I’m currently trying to figure out why my email server got blocked by Proofpoint and they refuse to talk to me. Really about ready to give up on email after self-hosting it for a decade with few problems.
Check RBLs a lot of times services just use one of those, and they can be flaky. Usually, you can fill out a form and get reinstated.
I’m not on any of those blacklists, luckily. I guess Proofpoint doesn’t publish theirs. At least iCloud and Gmail both use them. I saw one hint that they may require mail servers to literally have the word “mail” as the subdomain, so I’m working up the courage to mess around with my perfectly working DNS.
There is still the relay through the cloud route (SES, but also at least Scaleway)

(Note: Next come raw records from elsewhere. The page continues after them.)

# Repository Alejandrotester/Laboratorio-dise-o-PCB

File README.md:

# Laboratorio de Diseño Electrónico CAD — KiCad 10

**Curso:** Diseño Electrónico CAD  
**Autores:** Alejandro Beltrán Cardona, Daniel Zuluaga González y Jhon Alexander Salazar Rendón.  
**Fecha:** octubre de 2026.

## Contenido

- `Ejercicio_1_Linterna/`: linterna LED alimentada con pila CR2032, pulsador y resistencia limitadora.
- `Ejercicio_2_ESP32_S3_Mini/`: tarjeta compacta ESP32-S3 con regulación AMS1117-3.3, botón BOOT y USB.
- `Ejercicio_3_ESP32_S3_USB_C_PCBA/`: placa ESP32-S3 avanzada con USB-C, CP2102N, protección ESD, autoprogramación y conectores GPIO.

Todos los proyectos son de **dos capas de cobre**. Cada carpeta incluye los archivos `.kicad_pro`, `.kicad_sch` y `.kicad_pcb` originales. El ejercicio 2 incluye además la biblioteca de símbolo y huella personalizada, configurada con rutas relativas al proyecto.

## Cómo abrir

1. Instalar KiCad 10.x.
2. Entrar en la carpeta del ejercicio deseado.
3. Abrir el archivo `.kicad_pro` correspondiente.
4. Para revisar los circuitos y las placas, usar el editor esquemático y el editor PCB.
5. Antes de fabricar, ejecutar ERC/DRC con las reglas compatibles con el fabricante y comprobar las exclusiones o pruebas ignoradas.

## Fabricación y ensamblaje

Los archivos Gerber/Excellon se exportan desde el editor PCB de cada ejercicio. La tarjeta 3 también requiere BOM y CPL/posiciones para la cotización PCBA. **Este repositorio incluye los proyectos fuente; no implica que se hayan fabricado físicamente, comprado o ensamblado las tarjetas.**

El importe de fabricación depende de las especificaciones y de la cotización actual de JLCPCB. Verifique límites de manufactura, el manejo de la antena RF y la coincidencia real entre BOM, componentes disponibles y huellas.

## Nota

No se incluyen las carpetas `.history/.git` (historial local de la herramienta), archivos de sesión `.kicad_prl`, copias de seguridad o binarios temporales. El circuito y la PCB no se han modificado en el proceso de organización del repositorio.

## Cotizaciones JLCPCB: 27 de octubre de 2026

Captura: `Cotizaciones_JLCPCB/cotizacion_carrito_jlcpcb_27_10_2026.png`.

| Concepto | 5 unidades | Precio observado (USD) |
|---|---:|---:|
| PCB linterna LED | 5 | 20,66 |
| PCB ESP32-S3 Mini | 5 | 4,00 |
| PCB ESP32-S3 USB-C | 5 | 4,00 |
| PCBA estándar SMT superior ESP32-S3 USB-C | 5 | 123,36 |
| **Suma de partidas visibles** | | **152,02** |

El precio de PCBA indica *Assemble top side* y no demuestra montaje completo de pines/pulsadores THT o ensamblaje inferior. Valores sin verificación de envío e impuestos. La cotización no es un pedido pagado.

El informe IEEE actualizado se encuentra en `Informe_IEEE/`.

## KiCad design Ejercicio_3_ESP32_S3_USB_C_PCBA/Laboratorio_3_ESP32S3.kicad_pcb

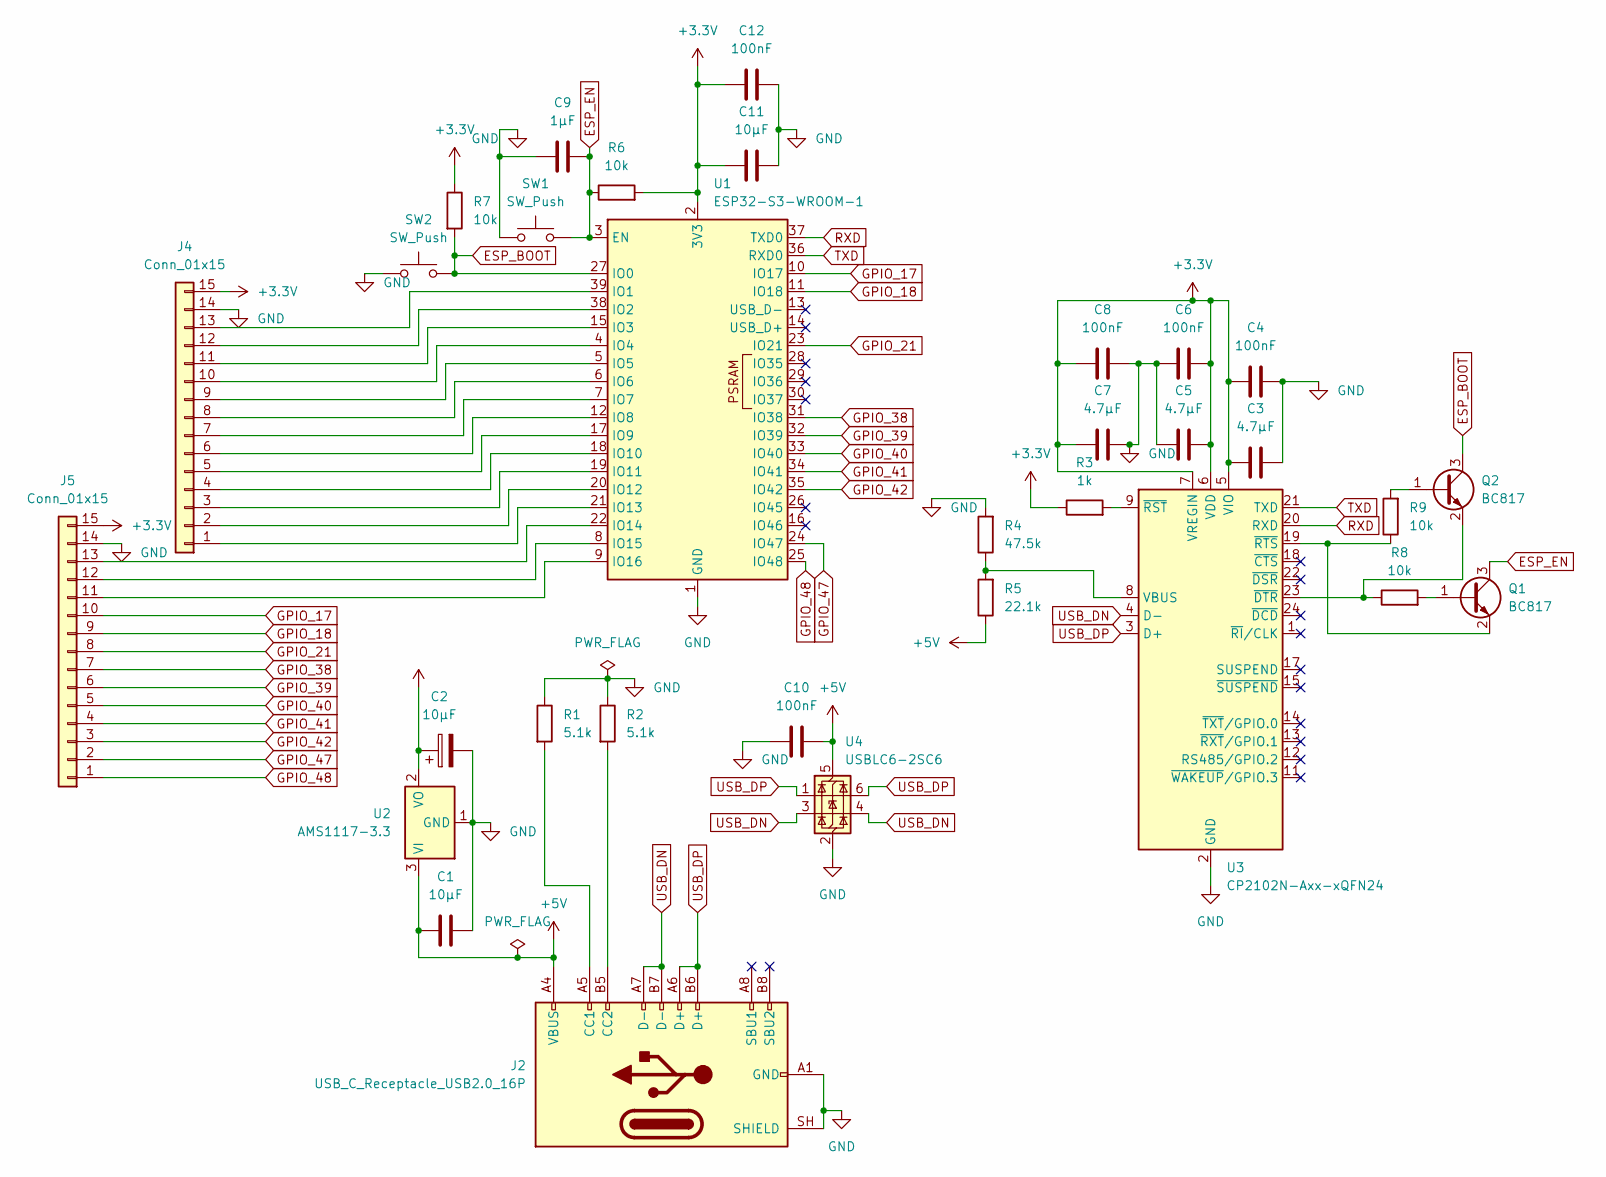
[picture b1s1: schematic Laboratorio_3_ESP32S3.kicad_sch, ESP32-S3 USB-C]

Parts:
C1, C11: 10µF; C_1206_3216Metric
C2: 10µF; CP_EIA-3216-18_Kemet-A
C3, C5, C7: 4.7µF; C_0805_2012Metric
C4, C6, C8, C10, C12: 100nF; C_0603_1608Metric
C9: 1µF; C_0805_2012Metric
J2: USB_C_Receptacle_USB2.0_16P; USB_C_Receptacle_GCT_USB4105-xx-A_16P_TopMnt_Horizontal
J4, J5: Conn_01x15; PinHeader_1x15_P2.54mm_Vertical
Q1, Q2: BC817; SOT-23
R1, R2: 5.1k; R_0805_2012Metric
R3: 1k; R_0805_2012Metric
R4: 47.5k; R_0805_2012Metric
R5: 22.1k; R_0805_2012Metric
R6, R7, R8, R9: 10k; R_0805_2012Metric
SW1, SW2: SW_Push; SW_PUSH_6mm
U1: ESP32-S3-WROOM-1
U2: AMS1117-3.3; SOT-223-3_TabPin2
U3: CP2102N-Axx-xQFN24; QFN-24-1EP_4x4mm_P0.5mm_EP2.6x2.6mm
U4: USBLC6-2SC6; SOT-23-6

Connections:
+3.3V: C2.1, C3.2, C4.1, C5.1, C6.2, C7.2, C8.1, C11.1, C12.1, J4.15, J5.15, R3.1, R6.2, R7.1, U1.2 (3V3), U2.2 (VO), U3.5 (VIO), U3.6 (VDD), U3.7 (VREGIN)
+5V: C1.1, C10.2, J2.A4 (VBUS), J2.A9 (VBUS), J2.B4 (VBUS), J2.B9 (VBUS), R5.1, U2.3 (VI), U4.5 (VBUS)
ESP_BOOT: Q2.3 (C), R7.2, SW2.2, U1.27 (IO0)
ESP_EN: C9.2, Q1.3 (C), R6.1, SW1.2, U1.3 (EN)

Part of me thinks if I have to pay for a relay service, I should just pay for hosted email. But I’ve definitely been considering it!
Oh that sucks! One would think that after that long, it’d be somewhat established.
RIGHT?!
I started this about a month ago, absolutely no idea what I was doing, and in that short time this little box has grown a ton. Got the basics for cloud storage, jellyfin with the arr suite, navidrome to replace spotify/tidal, etc. Got my scanner going right into paperless, finally starting a budget planner with actualbudget, even set up homebox to maybe eventually keep track of my collections of random bullshit. Spent 3 days fighting with Wireguard and gluetun to make a single VPN connection that’ll hook me into my LAN but also output all my traffic through Mullvad, using pihole as my DNS - I should get Unbound set up at some point too but that’s a project for another day.
Today I learned about homeassistant, and while I’m not one to care about IoT shit or whatever, just dabbling with NFC tags for the lights and such has been pretty neat.
This week I’m getting a second machine in that I’m going to use exclusively as a NAS and stop relying on USB external hard drives.
I really just wanted a little 24/7 Bob Ross box with a bit of cloud storage, and this project blew up a lot more than I thought it would LOL
Bob Ross box???
Grab the entire series, load it up on the tv, and let it rip all day
My biggest shortcoming at the moment is my NAS is also my gaming PC. It’s pretty inefficient to have that on all the time. But I haven’t had the time to build a dedicated NAS.
I’m putting together a pretty simple one this week. Got a used HP Elitedesk G4 SSF for around $150, already have 2 8TB external drives lying around that are easy enough to shuck and slap into it. Should be pretty easy to just slap TrueNAS Scale onto it, set up a mirror with the 2 drives, and be good to go for a while.
I’ll definitely need more space down the road and this thing can’t fit more than 2 drives without some modifications (3 is doable, but 4 will take some 3D printed parts which I believe someone’s still working on fine-tuning). But it’s good enough for me for now, still got 2.5TB I’m not using.
If I thought about storage a bit more before starting this project, I probably would’ve just gotten the same SSF but with some slightly better specs to use as the entire server, rather than running 2 different machines, but oh well.
Edit: Slight change of plans, got a 12tb drive free through a program at work, so gonna go with UnRAID instead. The license fee is a bit disappointing but it seems to suit my needs better, and being able to mix and match drives of any size at will is pretty nice
Yeah I had your idea back when I wanted a nas. I didn’t have the time and just bought a synology knowing it wasn’t the best option and was aware of the possibility of enshitification. Now that they’ve enshitified, I can’t really recommend them any longer. So far it’s been good but I’m still looking for options that are quick and easy to set up. Or maybe I’ll grit my teeth and start building one from scratch.
I’m perfectly happy to build my own NAS with NixOS and ZFS on it. I think it’s mostly a matter of getting the right hardware.